I can only go to London a few times a year though, so all I usually buy are the Naruto tankoubon and Nakayoshi magazine. x_x You'd think that in Birmingham, Britain's second city, there would at least be _somewhere_ that sold a _few_ Japanese magazines (apart from the occasional Animage or Newtype about 6 months after its published date in Forbidden Planet, that is). But nope.


----------



## Wrath (Jan 14, 2007)

Viz cannot legally publish magazines in the UK, I assume because of the existing copyright, so if you want the english version of SJ then you're in trouble.

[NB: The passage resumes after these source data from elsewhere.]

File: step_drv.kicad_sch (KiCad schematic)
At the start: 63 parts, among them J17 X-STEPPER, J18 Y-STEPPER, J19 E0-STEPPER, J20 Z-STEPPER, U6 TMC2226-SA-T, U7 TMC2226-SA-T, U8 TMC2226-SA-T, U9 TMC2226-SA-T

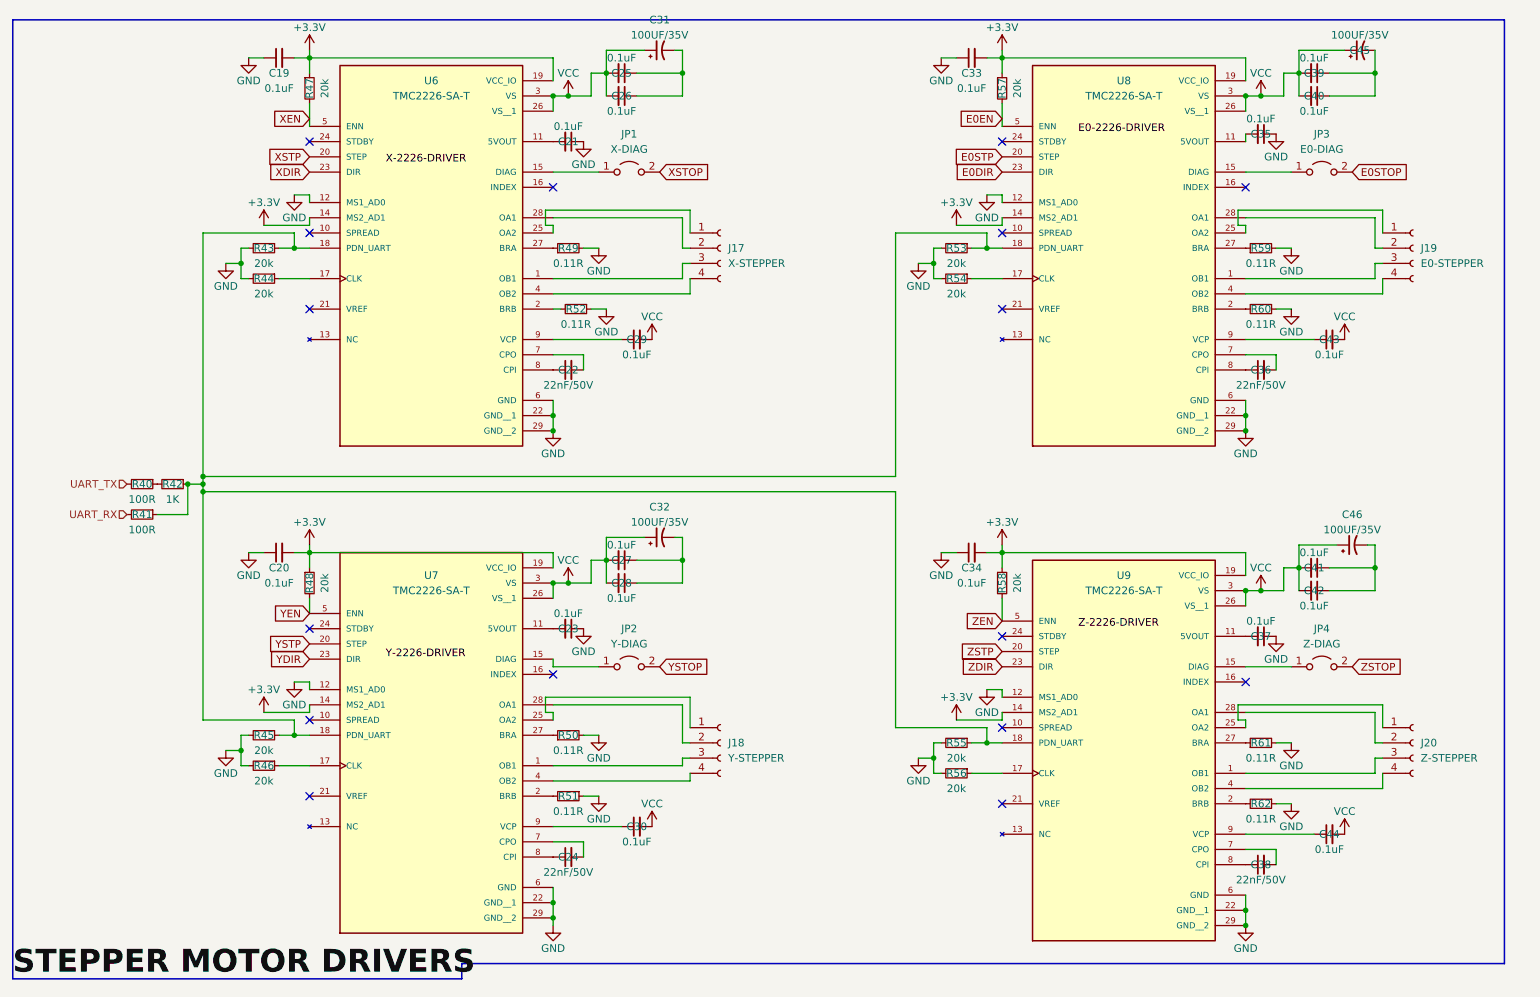
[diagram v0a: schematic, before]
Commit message: Minor Schematic Layout Changes
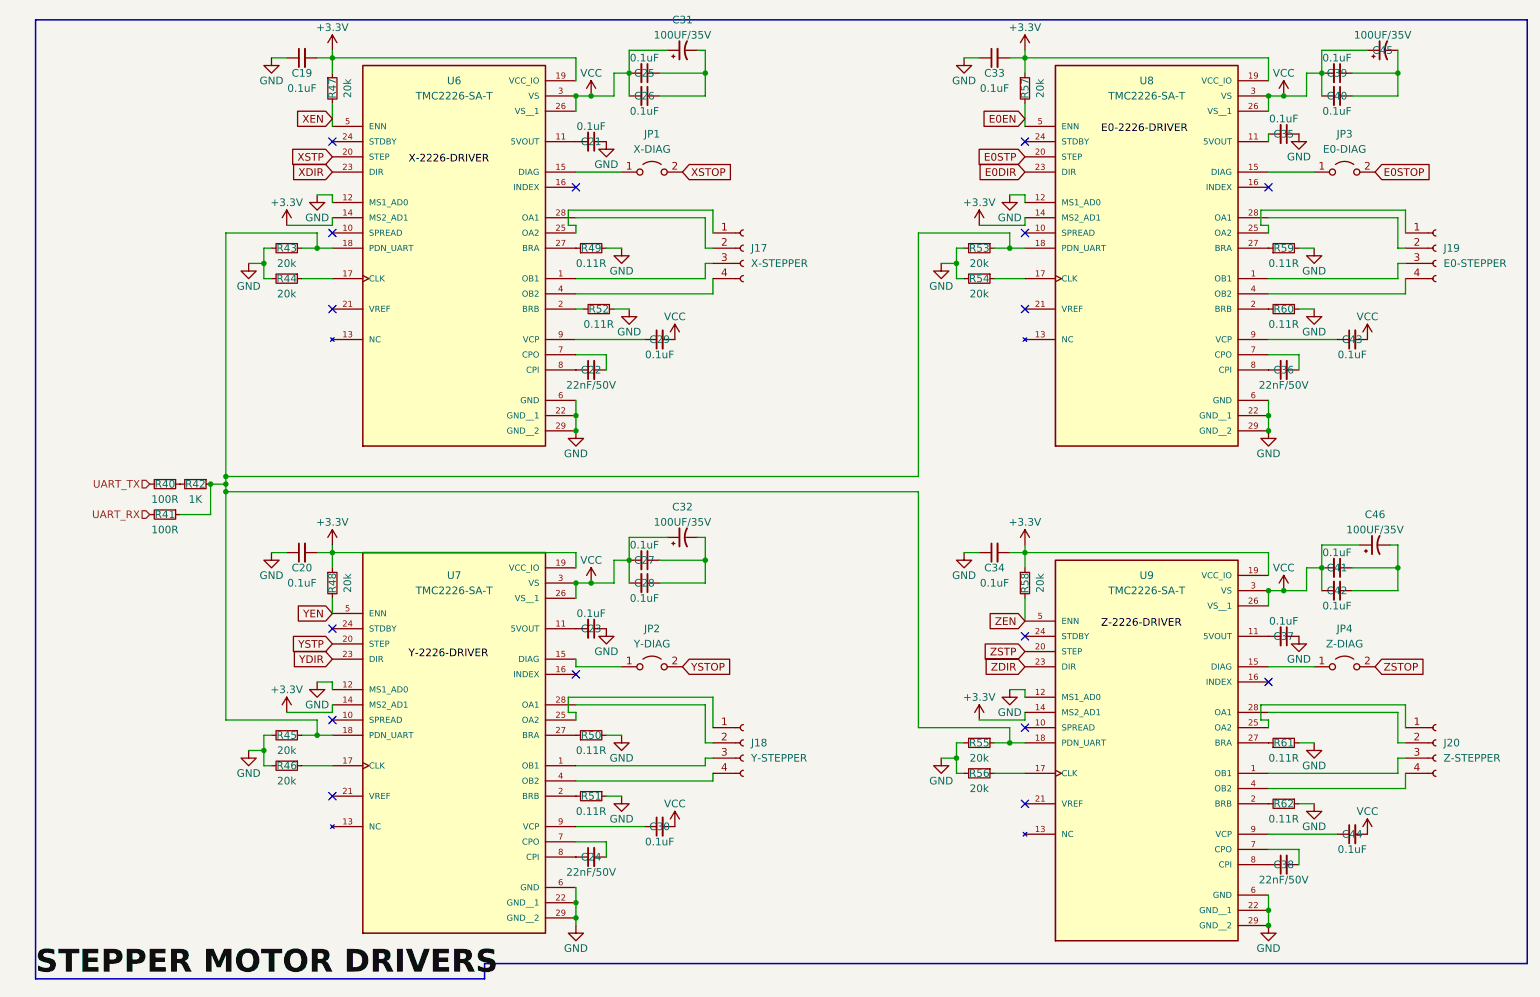
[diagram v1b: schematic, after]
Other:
- moved on the sheet: C19, C20, C21, C22, C23, C24, C25, C26, C27, C28, C29, C30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

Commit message: All components footprinted
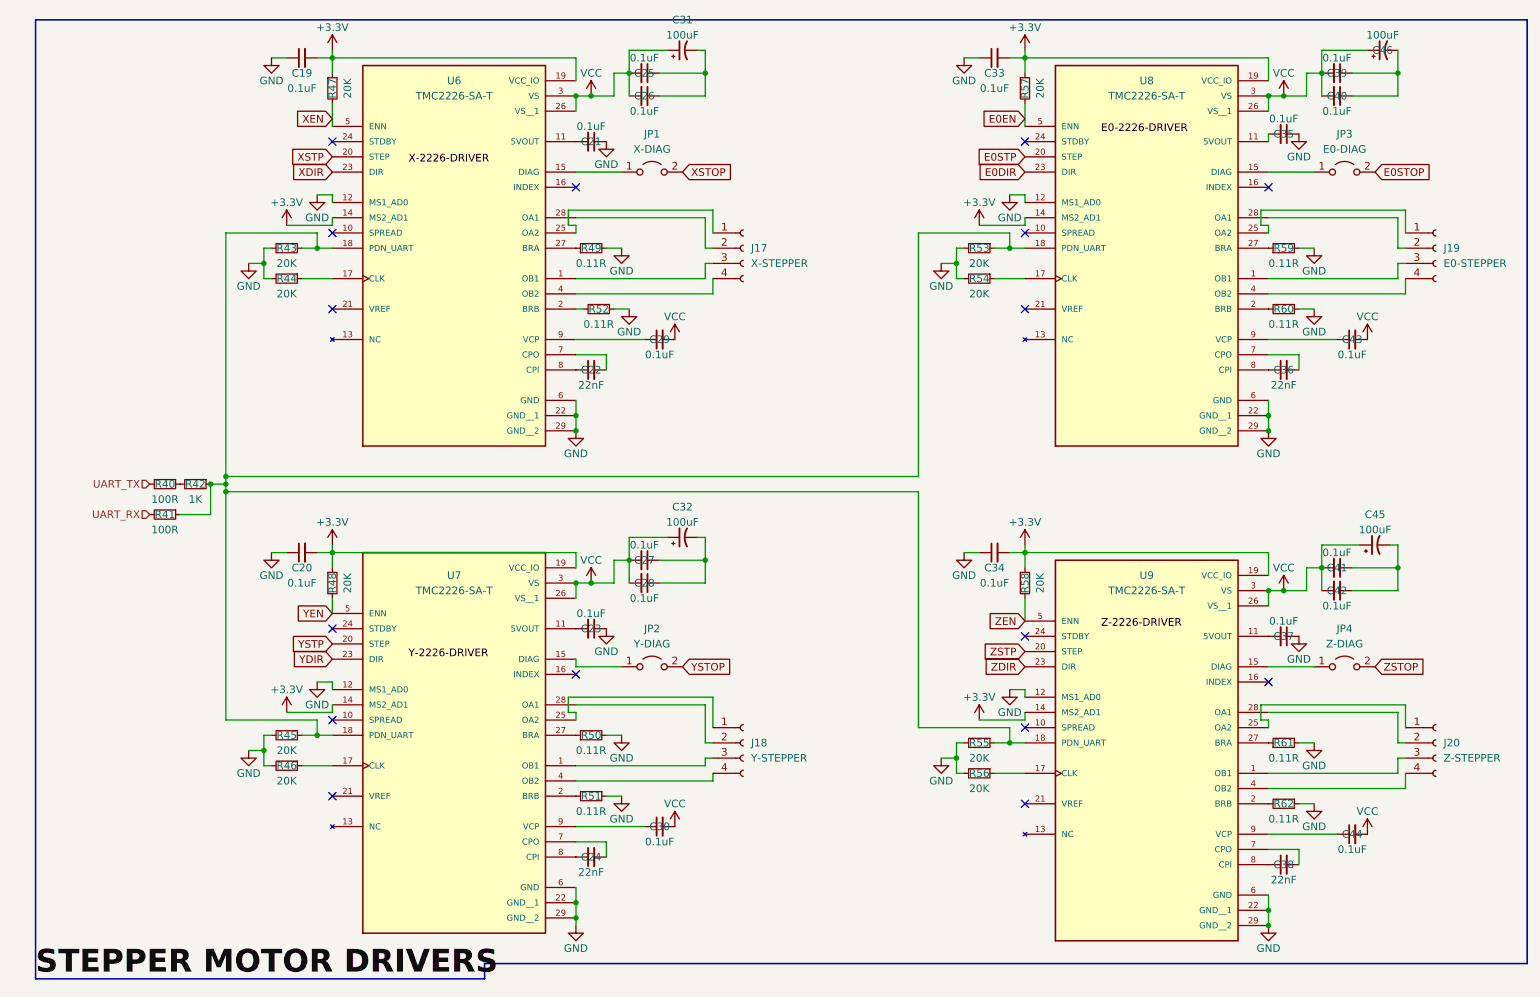
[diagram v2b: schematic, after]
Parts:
- C19, C20, C21, C23, C25, C26, C27, C28, C29, C30, C33, C34, C35, C37, C39, C40, C41, C42, C43, C44: footprint (none) -> Capacitor_SMD:C_1206_3216Metric_Pad1.33x1.80mm_HandSolder
- C22, C24, C36, C38: value 22nF/50V -> 22nF; footprint (none) -> Capacitor_SMD:C_1206_3216Metric_Pad1.33x1.80mm_HandSolder
- C31, C32: value 100UF/35V -> 100uF; footprint (none) -> Capacitor_SMD:C_1206_3216Metric_Pad1.33x1.80mm_HandSolder
- C45: renamed from C46; value 100UF/35V -> 100uF; footprint (none) -> Capacitor_SMD:C_1206_3216Metric_Pad1.33x1.80mm_HandSolder
- C46: renamed from C45; value 100UF/35V -> 100uF; footprint (none) -> Capacitor_SMD:C_1206_3216Metric_Pad1.33x1.80mm_HandSolder
- J17, J18, J19, J20: footprint (none) -> Connector_JST:JST_XH_B3B-XH-A_1x04_P2.50mm_Vertical
- JP1, JP2, JP3, JP4: footprint (none) -> Connector_PinHeader_2.54mm:PinHeader_1x02_P2.54mm_Vertical
- R40, R41, R42, R49, R50, R51, R52, R59, R60, R61, R62: footprint (none) -> Resistor_SMD:R_1206_3216Metric_Pad1.30x1.75mm_HandSolder
- R43, R44, R45, R46, R47, R48, R53, R54, R55, R56, R57, R58: value 20k -> 20K; footprint (none) -> Resistor_SMD:R_1206_3216Metric_Pad1.30x1.75mm_HandSolder
- U6, U7, U8, U9: footprint SOP65P640X120-29N -> TMC2226:SOP65P640X120-29N

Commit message: BOM 99% done
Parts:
- C19, C20, C21, C22, C23, C24, C25, C26, C27, C28, C29, C30, C33, C34, C35, C36, C37, C38, C39, C40, C41, C42, C43, C44: MANUFACTURER (none) -> Samsung
- C31, C32, C45, C46, R40, R41, R42, R43, R44, R45, R46, R47, R48, R49, R50, R51, R52, R53, R54, R55, R56, R57, R58, R59, R60, R61, R62: MANUFACTURER (none) -> Panasonic
- J17, J18, J19, J20: MANUFACTURER (none) -> JST Sales
- JP1, JP2, JP3, JP4: MANUFACTURER (none) -> Molex
- U6, U7, U8, U9: Manufacturer (none) -> Trinamic

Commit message: Totally no 80% re-source of the BOM
suuurely no re-source
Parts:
- added J21: ZB-STEPPER, Connector_JST:JST_XH_B4B-XH-A_1x04_P2.50mm_Vertical, symbol Connector:Conn_01x04_Female
- C19, C20, C21, C22, C23, C24, C25, C26, C27, C28, C29, C30, C33, C34, C35, C36, C37, C38, C39, C40, C41, C42, C43, C44: MANUFACTURER Samsung -> Murata
- C31, C32, C45, C46: footprint Capacitor_SMD:C_1206_3216Metric_Pad1.33x1.80mm_HandSolder -> Capacitor_THT:CP_Radial_D6.3mm_P2.50mm
- J17, J18: footprint Connector_JST:JST_XH_B3B-XH-A_1x04_P2.50mm_Vertical -> Connector_JST:JST_XH_B4B-XH-A_1x04_P2.50mm_Vertical; MANUFACTURER JST Sales -> HCTL
- J19: renamed from J20; value Z-STEPPER -> ZA-STEPPER; footprint Connector_JST:JST_XH_B3B-XH-A_1x04_P2.50mm_Vertical -> Connector_JST:JST_XH_B4B-XH-A_1x04_P2.50mm_Vertical; MANUFACTURER JST Sales -> HCTL
- J20: renamed from J19; footprint Connector_JST:JST_XH_B3B-XH-A_1x04_P2.50mm_Vertical -> Connector_JST:JST_XH_B4B-XH-A_1x04_P2.50mm_Vertical; MANUFACTURER JST Sales -> HCTL
- JP1, JP2, JP3, JP4: MANUFACTURER Molex -> HCTL
- R40, R41: MANUFACTURER Panasonic -> Vishay Intertech
- R42: MANUFACTURER Panasonic -> YAGEO
- R49, R50, R51, R52, R59, R60, R61, R62: footprint Resistor_SMD:R_1206_3216Metric_Pad1.30x1.75mm_HandSolder -> Resistor_SMD:R_2512_6332Metric_Pad1.40x3.35mm_HandSolder; MANUFACTURER Panasonic -> YAGEO
- U6, U7, U8, U9: MAXIMUM_PACKAGE_HEIGHT 1.2mm -> (none); Manufacturer Trinamic -> (none); PARTREV V1.08 -> (none); STANDARD IPC 7351B -> (none)
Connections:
- net at J19.1 (Pin_1), U9.25 (OA2): now also J21.1 (Pin_1)
- net at J19.2 (Pin_2), U9.28 (OA1): now also J21.2 (Pin_2)
- net at J19.3 (Pin_3), U9.1 (OB1): now also J21.3 (Pin_3)
- net at J19.4 (Pin_4), U9.4 (OB2): now also J21.4 (Pin_4)
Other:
- moved on the sheet: J19

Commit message: almost done with layout...
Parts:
- C19, C20, C21, C23, C25, C26, C27, C28, C29, C30, C33, C34, C35, C37, C39, C40, C41, C42, C43, C44: footprint Capacitor_SMD:C_1206_3216Metric_Pad1.33x1.80mm_HandSolder -> Capacitor_SMD:C_0805_2012Metric_Pad1.18x1.45mm_HandSolder; MANUFACTURER Murata -> Samsung Electro Mechanics
- C22, C24, C36, C38: footprint Capacitor_SMD:C_1206_3216Metric_Pad1.33x1.80mm_HandSolder -> Capacitor_SMD:C_0805_2012Metric_Pad1.18x1.45mm_HandSolder; MANUFACTURER Murata -> Taiyo Yuden
- R34: renamed from R40; footprint Resistor_SMD:R_1206_3216Metric_Pad1.30x1.75mm_HandSolder -> Resistor_SMD:R_0805_2012Metric_Pad1.20x1.40mm_HandSolder; MANUFACTURER Vishay Intertech -> YAGEO
- R35: renamed from R41; footprint Resistor_SMD:R_1206_3216Metric_Pad1.30x1.75mm_HandSolder -> Resistor_SMD:R_0805_2012Metric_Pad1.20x1.40mm_HandSolder; MANUFACTURER Vishay Intertech -> YAGEO
- R36: renamed from R42; footprint Resistor_SMD:R_1206_3216Metric_Pad1.30x1.75mm_HandSolder -> Resistor_SMD:R_0805_2012Metric_Pad1.20x1.40mm_HandSolder
- R37: renamed from R43; footprint Resistor_SMD:R_1206_3216Metric_Pad1.30x1.75mm_HandSolder -> Resistor_SMD:R_0805_2012Metric_Pad1.20x1.40mm_HandSolder; MANUFACTURER Panasonic -> YAGEO
- R38: renamed from R44; footprint Resistor_SMD:R_1206_3216Metric_Pad1.30x1.75mm_HandSolder -> Resistor_SMD:R_0805_2012Metric_Pad1.20x1.40mm_HandSolder; MANUFACTURER Panasonic -> YAGEO
- R39: renamed from R45; footprint Resistor_SMD:R_1206_3216Metric_Pad1.30x1.75mm_HandSolder -> Resistor_SMD:R_0805_2012Metric_Pad1.20x1.40mm_HandSolder; MANUFACTURER Panasonic -> YAGEO
- R40: renamed from R46; footprint Resistor_SMD:R_1206_3216Metric_Pad1.30x1.75mm_HandSolder -> Resistor_SMD:R_0805_2012Metric_Pad1.20x1.40mm_HandSolder; MANUFACTURER Panasonic -> YAGEO
- R41: renamed from R47; footprint Resistor_SMD:R_1206_3216Metric_Pad1.30x1.75mm_HandSolder -> Resistor_SMD:R_0805_2012Metric_Pad1.20x1.40mm_HandSolder; MANUFACTURER Panasonic -> YAGEO
- R42: renamed from R48; footprint Resistor_SMD:R_1206_3216Metric_Pad1.30x1.75mm_HandSolder -> Resistor_SMD:R_0805_2012Metric_Pad1.20x1.40mm_HandSolder; MANUFACTURER Panasonic -> YAGEO
- R43: renamed from R49; footprint Resistor_SMD:R_2512_6332Metric_Pad1.40x3.35mm_HandSolder -> Resistor_SMD:R_0805_2012Metric_Pad1.20x1.40mm_HandSolder; MANUFACTURER YAGEO -> Waslin Tech Corp
- R44: renamed from R50; footprint Resistor_SMD:R_2512_6332Metric_Pad1.40x3.35mm_HandSolder -> Resistor_SMD:R_0805_2012Metric_Pad1.20x1.40mm_HandSolder; MANUFACTURER YAGEO -> Waslin Tech Corp
- R45: renamed from R51; footprint Resistor_SMD:R_2512_6332Metric_Pad1.40x3.35mm_HandSolder -> Resistor_SMD:R_0805_2012Metric_Pad1.20x1.40mm_HandSolder; MANUFACTURER YAGEO -> Waslin Tech Corp
- R46: renamed from R52; footprint Resistor_SMD:R_2512_6332Metric_Pad1.40x3.35mm_HandSolder -> Resistor_SMD:R_0805_2012Metric_Pad1.20x1.40mm_HandSolder; MANUFACTURER YAGEO -> Waslin Tech Corp
- R47: renamed from R53; footprint Resistor_SMD:R_1206_3216Metric_Pad1.30x1.75mm_HandSolder -> Resistor_SMD:R_0805_2012Metric_Pad1.20x1.40mm_HandSolder; MANUFACTURER Panasonic -> YAGEO
- R48: renamed from R54; footprint Resistor_SMD:R_1206_3216Metric_Pad1.30x1.75mm_HandSolder -> Resistor_SMD:R_0805_2012Metric_Pad1.20x1.40mm_HandSolder; MANUFACTURER Panasonic -> YAGEO
- R49: renamed from R55; footprint Resistor_SMD:R_1206_3216Metric_Pad1.30x1.75mm_HandSolder -> Resistor_SMD:R_0805_2012Metric_Pad1.20x1.40mm_HandSolder; MANUFACTURER Panasonic -> YAGEO
- R50: renamed from R56; footprint Resistor_SMD:R_1206_3216Metric_Pad1.30x1.75mm_HandSolder -> Resistor_SMD:R_0805_2012Metric_Pad1.20x1.40mm_HandSolder; MANUFACTURER Panasonic -> YAGEO
- R51: renamed from R57; footprint Resistor_SMD:R_1206_3216Metric_Pad1.30x1.75mm_HandSolder -> Resistor_SMD:R_0805_2012Metric_Pad1.20x1.40mm_HandSolder; MANUFACTURER Panasonic -> YAGEO
- R52: renamed from R58; footprint Resistor_SMD:R_1206_3216Metric_Pad1.30x1.75mm_HandSolder -> Resistor_SMD:R_0805_2012Metric_Pad1.20x1.40mm_HandSolder; MANUFACTURER Panasonic -> YAGEO
- R53: renamed from R59; footprint Resistor_SMD:R_2512_6332Metric_Pad1.40x3.35mm_HandSolder -> Resistor_SMD:R_0805_2012Metric_Pad1.20x1.40mm_HandSolder; MANUFACTURER YAGEO -> Waslin Tech Corp
- R54: renamed from R60; footprint Resistor_SMD:R_2512_6332Metric_Pad1.40x3.35mm_HandSolder -> Resistor_SMD:R_0805_2012Metric_Pad1.20x1.40mm_HandSolder; MANUFACTURER YAGEO -> Waslin Tech Corp
- R55: renamed from R61; footprint Resistor_SMD:R_2512_6332Metric_Pad1.40x3.35mm_HandSolder -> Resistor_SMD:R_0805_2012Metric_Pad1.20x1.40mm_HandSolder; MANUFACTURER YAGEO -> Waslin Tech Corp
- R56: renamed from R62; footprint Resistor_SMD:R_2512_6332Metric_Pad1.40x3.35mm_HandSolder -> Resistor_SMD:R_0805_2012Metric_Pad1.20x1.40mm_HandSolder; MANUFACTURER YAGEO -> Waslin Tech Corp
- renumbered C46 to C45, C45 to C46
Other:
- moved on the sheet: C45

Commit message: I am in immense pain
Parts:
- renumbered JP1 to JP2, JP2 to JP3, JP3 to JP4, JP4 to JP5
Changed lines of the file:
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@@
   (symbol (lib_id "Jumper:Jumper_2_Open") (at 233.68 39.37 0) (unit 1)
     (in_bom yes) (on_board yes) (fields_autoplaced)
-    (property "Reference" "JP3" (id 0) (at 233.68 33.02 0))
+    (property "Reference" "JP4" (id 0) (at 233.68 33.02 0))
     (property "Value" "E0-DIAG" (id 1) (at 233.68 35.56 0))
     (property "Footprint" "Connector_PinHeader_2.54mm:PinHeader_1x02_P2.54mm_Vertical" (id 2) (at 233.68 39.37 0)
@@
   (symbol (lib_id "Jumper:Jumper_2_Open") (at 233.68 121.92 0) (unit 1)
     (in_bom yes) (on_board yes) (fields_autoplaced)
-    (property "Reference" "JP4" (id 0) (at 233.68 115.57 0))
+    (property "Reference" "JP5" (id 0) (at 233.68 115.57 0))
     (property "Value" "Z-DIAG" (id 1) (at 233.68 118.11 0))
     (property "Footprint" "Connector_PinHeader_2.54mm:PinHeader_1x02_P2.54mm_Vertical" (id 2) (at 233.68 121.92 0)
@@
   (symbol (lib_id "Jumper:Jumper_2_Open") (at 118.11 39.37 0) (unit 1)
     (in_bom yes) (on_board yes) (fields_autoplaced)
-    (property "Reference" "JP1" (id 0) (at 118.11 33.02 0))
+    (property "Reference" "JP2" (id 0) (at 118.11 33.02 0))
     (property "Value" "X-DIAG" (id 1) (at 118.11 35.56 0))
     (property "Footprint" "Connector_PinHeader_2.54mm:PinHeader_1x02_P2.54mm_Vertical" (id 2) (at 118.11 39.37 0)
@@
   (symbol (lib_id "Jumper:Jumper_2_Open") (at 118.11 121.92 0) (unit 1)
     (in_bom yes) (on_board yes) (fields_autoplaced)
-    (property "Reference" "JP2" (id 0) (at 118.11 115.57 0))
+    (property "Reference" "JP3" (id 0) (at 118.11 115.57 0))
     (property "Value" "Y-DIAG" (id 1) (at 118.11 118.11 0))
     (property "Footprint" "Connector_PinHeader_2.54mm:PinHeader_1x02_P2.54mm_Vertical" (id 2) (at 118.11 121.92 0)

But if you just want something _like _SJ, then I'd recommend 2000 AD.


----------



## Woofie (Jan 18, 2007)

Wrath said:


> Viz cannot legally publish magazines in the UK, I assume because of the existing copyright, so if you want the english version of SJ then you're in trouble.


Well, they could just publish it through Gollancz, like they are with a lot of their graphic novels now.

Not sure why anyone would want an English version of Jump when there's already an American one (which is readily available over here) anyway, though. It'd be exactly the same.


----------



## Petzie (Apr 17, 2008)

Yep, what they're saying is right. I can only find SJ in Forbidden Planet from time to time, and we can't subscribe to the US version because they don't ship here.


----------



## Lxcis (Sep 15, 2010)

Woofie said:


> Yep, quite a few places in London stock it. The Japan Centre has a *lot* of other magazines too, although it's very lacking when it comes to tankoubon (JP Books is better for that).
> 
> I can only go to London a few times a year though, so all I usually buy are the Naruto tankoubon and Nakayoshi magazine. x_x You'd think that in Birmingham, Britain's second city, there would at least be _somewhere_ that sold a _few_ Japanese magazines (apart from the occasional Animage or Newtype about 6 months after its published date in Forbidden Planet, that is). But nope.



You can buy from ebay i live in b'ham and i do


----------



## Lxcis (Sep 15, 2010)

Ebay sell it


----------